Aunt Viv’s struggle with her daughter, Hilary Banks (Coco Jones), is a catalyst for Viv’s potential butterfly moment. Vivian watches her daughter pave her own way as a chef and influencer, to her mother’s dissatisfaction. While Hilary is living for today, her mother’s approach to success is old-school.
“Also, it becomes a conversation about authority, and I think [Aunt Viv] is so assimilated to Bel-Air and assimilated to what’s the right and wrong way of doing things,” Freeman said. “But this new generation has rewritten the script and said, no, you can call people out for X, Y, Z, and you can create your own lane. And you might not have to ask for permission; you might have to ask for forgiveness. But even when you watch Hilary, she doesn’t even really do that.”
The veteran actor said that side plot resonates a lot with her and her own journey through Hollywood. She understands that her relationship with social media, for example, is different than that of many of the up-and-coming actors of today.
“You can get so attached to a way of doing something, that you don’t realize the opportunities that are here today that can actually help accelerate your career or create a new career,” she said. “And I see that personally, in my own life as an artist, but I see that in other people’s lives, too. People who are great top makers of crafts, whether they make things by hand or they’re carpenters, but they don’t want to utilize the new tools that exist today.”

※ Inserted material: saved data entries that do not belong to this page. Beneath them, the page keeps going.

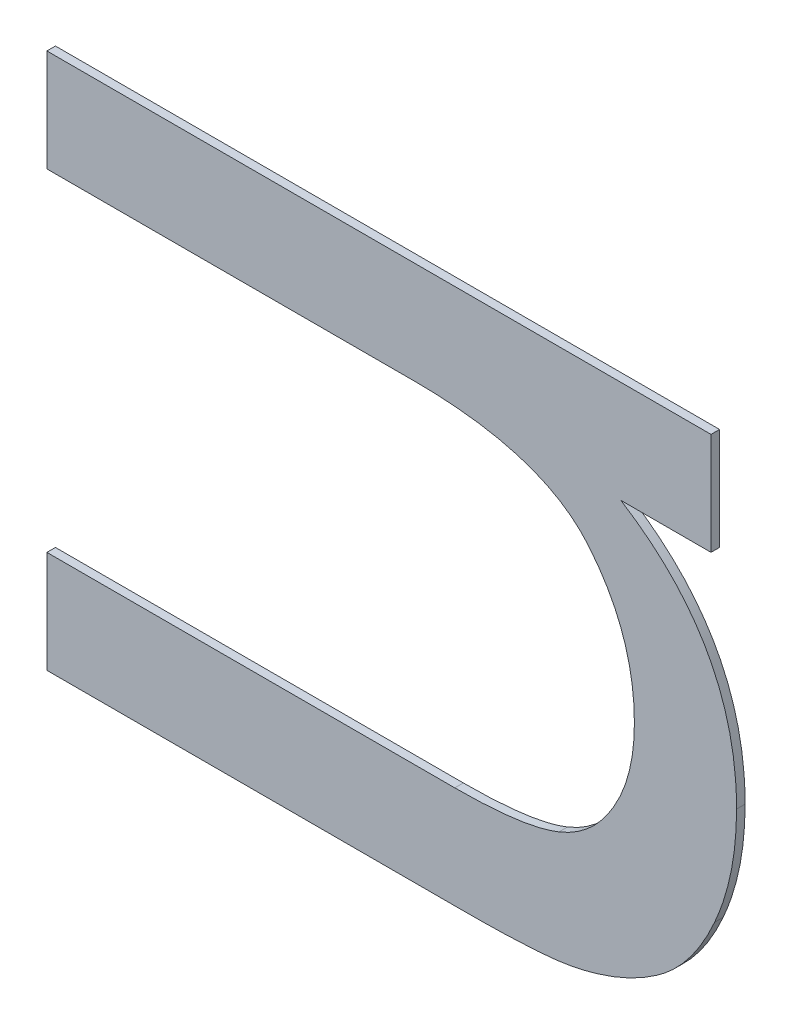
ISO-10303-21;
HEADER;
FILE_DESCRIPTION(('STEP AP214'),'2;1');
FILE_NAME('part.step','',(''),(''),'','','');
FILE_SCHEMA(('AUTOMOTIVE_DESIGN { 1 0 10303 214 1 1 1 1 }'));
ENDSEC;
DATA;
#1=APPLICATION_CONTEXT('core data for automotive mechanical design processes');
#2=APPLICATION_PROTOCOL_DEFINITION('international standard','automotive_design',2000,#1);
#3=PRODUCT_CONTEXT('',#1,'mechanical');
#4=PRODUCT('Part','Part','',(#3));
#5=PRODUCT_RELATED_PRODUCT_CATEGORY('part','',(#4));
#6=PRODUCT_DEFINITION_FORMATION('','',#4);
#7=PRODUCT_DEFINITION_CONTEXT('part definition',#1,'design');
#8=PRODUCT_DEFINITION('design','',#6,#7);
#9=PRODUCT_DEFINITION_SHAPE('','',#8);
#10=(LENGTH_UNIT() NAMED_UNIT(*) SI_UNIT(.MILLI.,.METRE.));
#11=(NAMED_UNIT(*) PLANE_ANGLE_UNIT() SI_UNIT($,.RADIAN.));
#12=(NAMED_UNIT(*) SI_UNIT($,.STERADIAN.) SOLID_ANGLE_UNIT());
#13=UNCERTAINTY_MEASURE_WITH_UNIT(LENGTH_MEASURE(1.E-05),#10,'distance_accuracy_value','');
#14=(GEOMETRIC_REPRESENTATION_CONTEXT(3) GLOBAL_UNCERTAINTY_ASSIGNED_CONTEXT((#13)) GLOBAL_UNIT_ASSIGNED_CONTEXT((#10,
#11,#12)) REPRESENTATION_CONTEXT('',''));
#15=CARTESIAN_POINT('',(0.,0.,0.));
#16=DIRECTION('',(0.,0.,1.));
#17=DIRECTION('',(1.,0.,0.));
#18=AXIS2_PLACEMENT_3D('',#15,#16,#17);
#19=CARTESIAN_POINT('',(1.1006089778178,1.5235473365811,1.7496000059366));
#20=DIRECTION('',(0.,1.,0.));
#21=DIRECTION('',(0.,0.,1.));
#22=AXIS2_PLACEMENT_3D('',#19,#20,#21);
#23=PLANE('',#22);
#24=DIRECTION('',(0.,0.,1.));
#25=VECTOR('',#24,1.);
#26=CARTESIAN_POINT('',(1.0850641795163,1.5235473365811,1.7492000059366));
#27=LINE('',#26,#25);
#28=CARTESIAN_POINT('',(1.0850641795163,1.5235473365811,1.7492000059366));
#29=VERTEX_POINT('',#28);
#30=CARTESIAN_POINT('',(1.0850641795163,1.5235473365811,1.7496000059366));
#31=VERTEX_POINT('',#30);
#32=EDGE_CURVE('E11',#29,#31,#27,.T.);
#33=ORIENTED_EDGE('',*,*,#32,.T.);
#34=DIRECTION('',(1.,0.,0.));
#35=VECTOR('',#34,1.);
#36=CARTESIAN_POINT('',(1.0850641795163,1.5235473365811,1.7496000059366));
#37=LINE('',#36,#35);
#38=CARTESIAN_POINT('',(1.1161537761193,1.5235473365811,1.7496000059366));
#39=VERTEX_POINT('',#38);
#40=EDGE_CURVE('E24',#31,#39,#37,.T.);
#41=ORIENTED_EDGE('',*,*,#40,.T.);
#42=DIRECTION('',(0.,0.,1.));
#43=VECTOR('',#42,1.);
#44=CARTESIAN_POINT('',(1.1161537761193,1.5235473365811,1.7492000059366));
#45=LINE('',#44,#43);
#46=CARTESIAN_POINT('',(1.1161537761193,1.5235473365811,1.7492000059366));
#47=VERTEX_POINT('',#46);
#48=EDGE_CURVE('E381',#47,#39,#45,.T.);
#49=ORIENTED_EDGE('',*,*,#48,.F.);
#50=DIRECTION('',(1.,0.,0.));
#51=VECTOR('',#50,1.);
#52=CARTESIAN_POINT('',(1.0850641795163,1.5235473365811,1.7492000059366));
#53=LINE('',#52,#51);
#54=EDGE_CURVE('E379',#29,#47,#53,.T.);
#55=ORIENTED_EDGE('',*,*,#54,.F.);
#56=EDGE_LOOP('',(#33,#41,#49,#55));
#57=FACE_BOUND('',#56,.T.);
#58=ADVANCED_FACE('F17',(#57),#23,.T.);
#59=CARTESIAN_POINT('',(1.1161537761193,1.5211558291501,1.7496000059366));
#60=DIRECTION('',(1.,0.,0.));
#61=DIRECTION('',(0.,0.,-1.));
#62=AXIS2_PLACEMENT_3D('',#59,#60,#61);
#63=PLANE('',#62);
#64=ORIENTED_EDGE('',*,*,#48,.T.);
#65=DIRECTION('',(0.,-1.,0.));
#66=VECTOR('',#65,1.);
#67=CARTESIAN_POINT('',(1.1161537761193,1.5235473365811,1.7496000059366));
#68=LINE('',#67,#66);
#69=CARTESIAN_POINT('',(1.1161537761193,1.5187643217191,1.7496000059366));
#70=VERTEX_POINT('',#69);
#71=EDGE_CURVE('E377',#39,#70,#68,.T.);
#72=ORIENTED_EDGE('',*,*,#71,.T.);
#73=DIRECTION('',(0.,0.,1.));
#74=VECTOR('',#73,1.);
#75=CARTESIAN_POINT('',(1.1161537761193,1.5187643217191,1.7492000059366));
#76=LINE('',#75,#74);
#77=CARTESIAN_POINT('',(1.1161537761193,1.5187643217191,1.7492000059366));
#78=VERTEX_POINT('',#77);
#79=EDGE_CURVE('E374',#78,#70,#76,.T.);
#80=ORIENTED_EDGE('',*,*,#79,.F.);
#81=DIRECTION('',(0.,-1.,0.));
#82=VECTOR('',#81,1.);
#83=CARTESIAN_POINT('',(1.1161537761193,1.5235473365811,1.7492000059366));
#84=LINE('',#83,#82);
#85=EDGE_CURVE('E371',#47,#78,#84,.T.);
#86=ORIENTED_EDGE('',*,*,#85,.F.);
#87=EDGE_LOOP('',(#64,#72,#80,#86));
#88=FACE_BOUND('',#87,.T.);
#89=ADVANCED_FACE('F387',(#88),#63,.T.);
#90=CARTESIAN_POINT('',(1.1140425234654,1.5187643217191,1.7496000059366));
#91=DIRECTION('',(0.,-1.,0.));
#92=DIRECTION('',(0.,0.,-1.));
#93=AXIS2_PLACEMENT_3D('',#90,#91,#92);
#94=PLANE('',#93);
#95=ORIENTED_EDGE('',*,*,#79,.T.);
#96=DIRECTION('',(-1.,0.,0.));
#97=VECTOR('',#96,1.);
#98=CARTESIAN_POINT('',(1.1161537761193,1.5187643217191,1.7496000059366));
#99=LINE('',#98,#97);
#100=CARTESIAN_POINT('',(1.1119312708115,1.5187643217191,1.7496000059366));
#101=VERTEX_POINT('',#100);
#102=EDGE_CURVE('E369',#70,#101,#99,.T.);
#103=ORIENTED_EDGE('',*,*,#102,.T.);
#104=DIRECTION('',(0.,0.,1.));
#105=VECTOR('',#104,1.);
#106=CARTESIAN_POINT('',(1.1119312708115,1.5187643217191,1.7492000059366));
#107=LINE('',#106,#105);
#108=CARTESIAN_POINT('',(1.1119312708115,1.5187643217191,1.7492000059366));
#109=VERTEX_POINT('',#108);
#110=EDGE_CURVE('E366',#109,#101,#107,.T.);
#111=ORIENTED_EDGE('',*,*,#110,.F.);
#112=DIRECTION('',(-1.,0.,0.));
#113=VECTOR('',#112,1.);
#114=CARTESIAN_POINT('',(1.1161537761193,1.5187643217191,1.7492000059366));
#115=LINE('',#114,#113);
#116=EDGE_CURVE('E360',#78,#109,#115,.T.);
#117=ORIENTED_EDGE('',*,*,#116,.F.);
#118=EDGE_LOOP('',(#95,#103,#111,#117));
#119=FACE_BOUND('',#118,.T.);
#120=ADVANCED_FACE('F393',(#119),#94,.T.);
#121=CARTESIAN_POINT('',(1.1119312708115,1.5187643217191,1.7496000059366));
#122=CARTESIAN_POINT('',(1.1119312708115,1.5187643217191,1.7491200059366));
#123=CARTESIAN_POINT('',(1.1173495298347,1.5153638970907,1.7496000059366));
#124=CARTESIAN_POINT('',(1.1173495298347,1.5153638970907,1.7491200059366));
#125=CARTESIAN_POINT('',(1.1173495298347,1.5089554045217,1.7496000059366));
#126=CARTESIAN_POINT('',(1.1173495298347,1.5089554045217,1.7491200059366));
#127=B_SPLINE_SURFACE_WITH_KNOTS('',2,1,((#121,#122),(#123,#124),(#125,#126)),.UNSPECIFIED.,.F.,
.F.,.F.,(3,3),(2,2),(0.,1.),(0.,0.000239999999999974),.UNSPECIFIED.);
#128=CARTESIAN_POINT('',(1.1119312708115,1.5187643217191,1.7496000059366));
#129=CARTESIAN_POINT('',(1.1173495298347,1.5153638970907,1.7496000059366));
#130=CARTESIAN_POINT('',(1.1173495298347,1.5089554045217,1.7496000059366));
#131=B_SPLINE_CURVE_WITH_KNOTS('',2,(#128,#129,#130),.UNSPECIFIED.,.F.,.F.,(3,3),(0.,1.),.UNSPECIFIED.);
#132=CARTESIAN_POINT('',(1.1173495298347,1.5089554045217,1.7496000059366));
#133=VERTEX_POINT('',#132);
#134=EDGE_CURVE('E356',#101,#133,#131,.T.);
#135=DIRECTION('',(0.,0.,1.));
#136=VECTOR('',#135,1.);
#137=CARTESIAN_POINT('',(1.1173495298347,1.5089554045217,1.7492000059366));
#138=LINE('',#137,#136);
#139=CARTESIAN_POINT('',(1.1173495298347,1.5089554045217,1.7492000059366));
#140=VERTEX_POINT('',#139);
#141=EDGE_CURVE('E350',#140,#133,#138,.T.);
#142=CARTESIAN_POINT('',(1.1119312708115,1.5187643217191,1.7492000059366));
#143=CARTESIAN_POINT('',(1.1173495298347,1.5153638970907,1.7492000059366));
#144=CARTESIAN_POINT('',(1.1173495298347,1.5089554045217,1.7492000059366));
#145=B_SPLINE_CURVE_WITH_KNOTS('',2,(#142,#143,#144),.UNSPECIFIED.,.F.,.F.,(3,3),(0.,1.),.UNSPECIFIED.);
#146=EDGE_CURVE('E342',#109,#140,#145,.T.);
#147=ORIENTED_EDGE('',*,*,#110,.T.);
#148=ORIENTED_EDGE('',*,*,#134,.T.);
#149=ORIENTED_EDGE('',*,*,#141,.F.);
#150=ORIENTED_EDGE('',*,*,#146,.F.);
#151=EDGE_LOOP('',(#147,#148,#149,#150));
#152=FACE_BOUND('',#151,.T.);
#153=ADVANCED_FACE('F397',(#152),#127,.T.);
#154=CARTESIAN_POINT('',(1.1173495298347,1.5089554045217,1.7496000059366));
#155=CARTESIAN_POINT('',(1.1173495298347,1.5089554045217,1.7491200059366));
#156=CARTESIAN_POINT('',(1.1173495298347,1.5061715404029,1.7496000059366));
#157=CARTESIAN_POINT('',(1.1173495298347,1.5061715404029,1.7491200059366));
#158=CARTESIAN_POINT('',(1.1163219289855,1.5038547675791,1.7496000059366));
#159=CARTESIAN_POINT('',(1.1163219289855,1.5038547675791,1.7491200059366));
#160=B_SPLINE_SURFACE_WITH_KNOTS('',2,1,((#154,#155),(#156,#157),(#158,#159)),.UNSPECIFIED.,.F.,
.F.,.F.,(3,3),(2,2),(0.,1.),(0.,0.000239999999999974),.UNSPECIFIED.);
#161=CARTESIAN_POINT('',(1.1173495298347,1.5089554045217,1.7496000059366));
#162=CARTESIAN_POINT('',(1.1173495298347,1.5061715404029,1.7496000059366));
#163=CARTESIAN_POINT('',(1.1163219289855,1.5038547675791,1.7496000059366));
#164=B_SPLINE_CURVE_WITH_KNOTS('',2,(#161,#162,#163),.UNSPECIFIED.,.F.,.F.,(3,3),(0.,1.),.UNSPECIFIED.);
#165=CARTESIAN_POINT('',(1.1163219289855,1.5038547675791,1.7496000059366));
#166=VERTEX_POINT('',#165);
#167=EDGE_CURVE('E338',#133,#166,#164,.T.);
#168=DIRECTION('',(0.,0.,1.));
#169=VECTOR('',#168,1.);
#170=CARTESIAN_POINT('',(1.1163219289855,1.5038547675791,1.7492000059366));
#171=LINE('',#170,#169);
#172=CARTESIAN_POINT('',(1.1163219289855,1.5038547675791,1.7492000059366));
#173=VERTEX_POINT('',#172);
#174=EDGE_CURVE('E332',#173,#166,#171,.T.);
#175=CARTESIAN_POINT('',(1.1173495298347,1.5089554045217,1.7492000059366));
#176=CARTESIAN_POINT('',(1.1173495298347,1.5061715404029,1.7492000059366));
#177=CARTESIAN_POINT('',(1.1163219289855,1.5038547675791,1.7492000059366));
#178=B_SPLINE_CURVE_WITH_KNOTS('',2,(#175,#176,#177),.UNSPECIFIED.,.F.,.F.,(3,3),(0.,1.),.UNSPECIFIED.);
#179=EDGE_CURVE('E324',#140,#173,#178,.T.);
#180=ORIENTED_EDGE('',*,*,#141,.T.);
#181=ORIENTED_EDGE('',*,*,#167,.T.);
#182=ORIENTED_EDGE('',*,*,#174,.F.);
#183=ORIENTED_EDGE('',*,*,#179,.F.);
#184=EDGE_LOOP('',(#180,#181,#182,#183));
#185=FACE_BOUND('',#184,.T.);
#186=ADVANCED_FACE('F401',(#185),#160,.T.);
#187=CARTESIAN_POINT('',(1.1163219289855,1.5038547675791,1.7496000059366));
#188=CARTESIAN_POINT('',(1.1163219289855,1.5038547675791,1.7491200059366));
#189=CARTESIAN_POINT('',(1.1152943281363,1.5015193111035,1.7496000059366));
#190=CARTESIAN_POINT('',(1.1152943281363,1.5015193111035,1.7491200059366));
#191=CARTESIAN_POINT('',(1.1136314831257,1.5003609246915,1.7496000059366));
#192=CARTESIAN_POINT('',(1.1136314831257,1.5003609246915,1.7491200059366));
#193=B_SPLINE_SURFACE_WITH_KNOTS('',2,1,((#187,#188),(#189,#190),(#191,#192)),.UNSPECIFIED.,.F.,
.F.,.F.,(3,3),(2,2),(0.,1.),(0.,0.000239999999999974),.UNSPECIFIED.);
#194=CARTESIAN_POINT('',(1.1163219289855,1.5038547675791,1.7496000059366));
#195=CARTESIAN_POINT('',(1.1152943281363,1.5015193111035,1.7496000059366));
#196=CARTESIAN_POINT('',(1.1136314831257,1.5003609246915,1.7496000059366));
#197=B_SPLINE_CURVE_WITH_KNOTS('',2,(#194,#195,#196),.UNSPECIFIED.,.F.,.F.,(3,3),(0.,1.),.UNSPECIFIED.);
#198=CARTESIAN_POINT('',(1.1136314831257,1.5003609246915,1.7496000059366));
#199=VERTEX_POINT('',#198);
#200=EDGE_CURVE('E320',#166,#199,#197,.T.);
#201=DIRECTION('',(0.,0.,1.));
#202=VECTOR('',#201,1.);
#203=CARTESIAN_POINT('',(1.1136314831257,1.5003609246915,1.7492000059366));
#204=LINE('',#203,#202);
#205=CARTESIAN_POINT('',(1.1136314831257,1.5003609246915,1.7492000059366));
#206=VERTEX_POINT('',#205);
#207=EDGE_CURVE('E314',#206,#199,#204,.T.);
#208=CARTESIAN_POINT('',(1.1163219289855,1.5038547675791,1.7492000059366));
#209=CARTESIAN_POINT('',(1.1152943281363,1.5015193111035,1.7492000059366));
#210=CARTESIAN_POINT('',(1.1136314831257,1.5003609246915,1.7492000059366));
#211=B_SPLINE_CURVE_WITH_KNOTS('',2,(#208,#209,#210),.UNSPECIFIED.,.F.,.F.,(3,3),(0.,1.),.UNSPECIFIED.);
#212=EDGE_CURVE('E306',#173,#206,#211,.T.);
#213=ORIENTED_EDGE('',*,*,#174,.T.);
#214=ORIENTED_EDGE('',*,*,#200,.T.);
#215=ORIENTED_EDGE('',*,*,#207,.F.);
#216=ORIENTED_EDGE('',*,*,#212,.F.);
#217=EDGE_LOOP('',(#213,#214,#215,#216));
#218=FACE_BOUND('',#217,.T.);
#219=ADVANCED_FACE('F404',(#218),#193,.T.);
#220=CARTESIAN_POINT('',(1.1136314831257,1.5003609246915,1.7496000059366));
#221=CARTESIAN_POINT('',(1.1136314831257,1.5003609246915,1.7491200059366));
#222=CARTESIAN_POINT('',(1.1119686381151,1.4991838546279,1.7496000059366));
#223=CARTESIAN_POINT('',(1.1119686381151,1.4991838546279,1.7491200059366));
#224=CARTESIAN_POINT('',(1.1096705489431,1.4987354469845,1.7496000059366));
#225=CARTESIAN_POINT('',(1.1096705489431,1.4987354469845,1.7491200059366));
#226=B_SPLINE_SURFACE_WITH_KNOTS('',2,1,((#220,#221),(#222,#223),(#224,#225)),.UNSPECIFIED.,.F.,
.F.,.F.,(3,3),(2,2),(0.,1.),(0.,0.000239999999999974),.UNSPECIFIED.);
#227=CARTESIAN_POINT('',(1.1136314831257,1.5003609246915,1.7496000059366));
#228=CARTESIAN_POINT('',(1.1119686381151,1.4991838546279,1.7496000059366));
#229=CARTESIAN_POINT('',(1.1096705489431,1.4987354469845,1.7496000059366));
#230=B_SPLINE_CURVE_WITH_KNOTS('',2,(#227,#228,#229),.UNSPECIFIED.,.F.,.F.,(3,3),(0.,1.),.UNSPECIFIED.);
#231=CARTESIAN_POINT('',(1.1096705489431,1.4987354469845,1.7496000059366));
#232=VERTEX_POINT('',#231);
#233=EDGE_CURVE('E302',#199,#232,#230,.T.);
#234=DIRECTION('',(0.,0.,1.));
#235=VECTOR('',#234,1.);
#236=CARTESIAN_POINT('',(1.1096705489431,1.4987354469845,1.7492000059366));
#237=LINE('',#236,#235);
#238=CARTESIAN_POINT('',(1.1096705489431,1.4987354469845,1.7492000059366));
#239=VERTEX_POINT('',#238);
#240=EDGE_CURVE('E296',#239,#232,#237,.T.);
#241=CARTESIAN_POINT('',(1.1136314831257,1.5003609246915,1.7492000059366));
#242=CARTESIAN_POINT('',(1.1119686381151,1.4991838546279,1.7492000059366));
#243=CARTESIAN_POINT('',(1.1096705489431,1.4987354469845,1.7492000059366));
#244=B_SPLINE_CURVE_WITH_KNOTS('',2,(#241,#242,#243),.UNSPECIFIED.,.F.,.F.,(3,3),(0.,1.),.UNSPECIFIED.);
#245=EDGE_CURVE('E288',#206,#239,#244,.T.);
#246=ORIENTED_EDGE('',*,*,#207,.T.);
#247=ORIENTED_EDGE('',*,*,#233,.T.);
#248=ORIENTED_EDGE('',*,*,#240,.F.);
#249=ORIENTED_EDGE('',*,*,#245,.F.);
#250=EDGE_LOOP('',(#246,#247,#248,#249));
#251=FACE_BOUND('',#250,.T.);
#252=ADVANCED_FACE('F409',(#251),#226,.T.);
#253=CARTESIAN_POINT('',(1.1096705489431,1.4987354469845,1.7496000059366));
#254=CARTESIAN_POINT('',(1.1096705489431,1.4987354469845,1.7491200059366));
#255=CARTESIAN_POINT('',(1.1081945404505,1.4984365085557,1.7496000059366));
#256=CARTESIAN_POINT('',(1.1081945404505,1.4984365085557,1.7491200059366));
#257=CARTESIAN_POINT('',(1.1044764937413,1.4984365085557,1.7496000059366));
#258=CARTESIAN_POINT('',(1.1044764937413,1.4984365085557,1.7491200059366));
#259=B_SPLINE_SURFACE_WITH_KNOTS('',2,1,((#253,#254),(#255,#256),(#257,#258)),.UNSPECIFIED.,.F.,
.F.,.F.,(3,3),(2,2),(0.,1.),(0.,0.000239999999999974),.UNSPECIFIED.);
#260=CARTESIAN_POINT('',(1.1096705489431,1.4987354469845,1.7496000059366));
#261=CARTESIAN_POINT('',(1.1081945404505,1.4984365085557,1.7496000059366));
#262=CARTESIAN_POINT('',(1.1044764937413,1.4984365085557,1.7496000059366));
#263=B_SPLINE_CURVE_WITH_KNOTS('',2,(#260,#261,#262),.UNSPECIFIED.,.F.,.F.,(3,3),(0.,1.),.UNSPECIFIED.);
#264=CARTESIAN_POINT('',(1.1044764937413,1.4984365085557,1.7496000059366));
#265=VERTEX_POINT('',#264);
#266=EDGE_CURVE('E284',#232,#265,#263,.T.);
#267=DIRECTION('',(0.,0.,1.));
#268=VECTOR('',#267,1.);
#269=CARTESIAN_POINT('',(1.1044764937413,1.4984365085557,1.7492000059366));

In an almost poetic way, Freeman’s approach to portraying Aunt Viv — and “Bel-Air” itself — is a mirror to that age-old dilemma: What happens when the old guard collides with the new?
“That’s a really big, big question ’cause it’s a big, big answer for the show, but also life in general,” Freeman said.“I guess one way to say is the thing that’s really interesting about Vivian, and you could say anybody who’s over 40, you could really look at this storyline as, you can get so attached to a way of doing something, that you don’t realize the opportunities that are here today that can actually help accelerate your career or create a new career.”
New episodes of “Bel-Air” premiere on Thursdays on Peacock.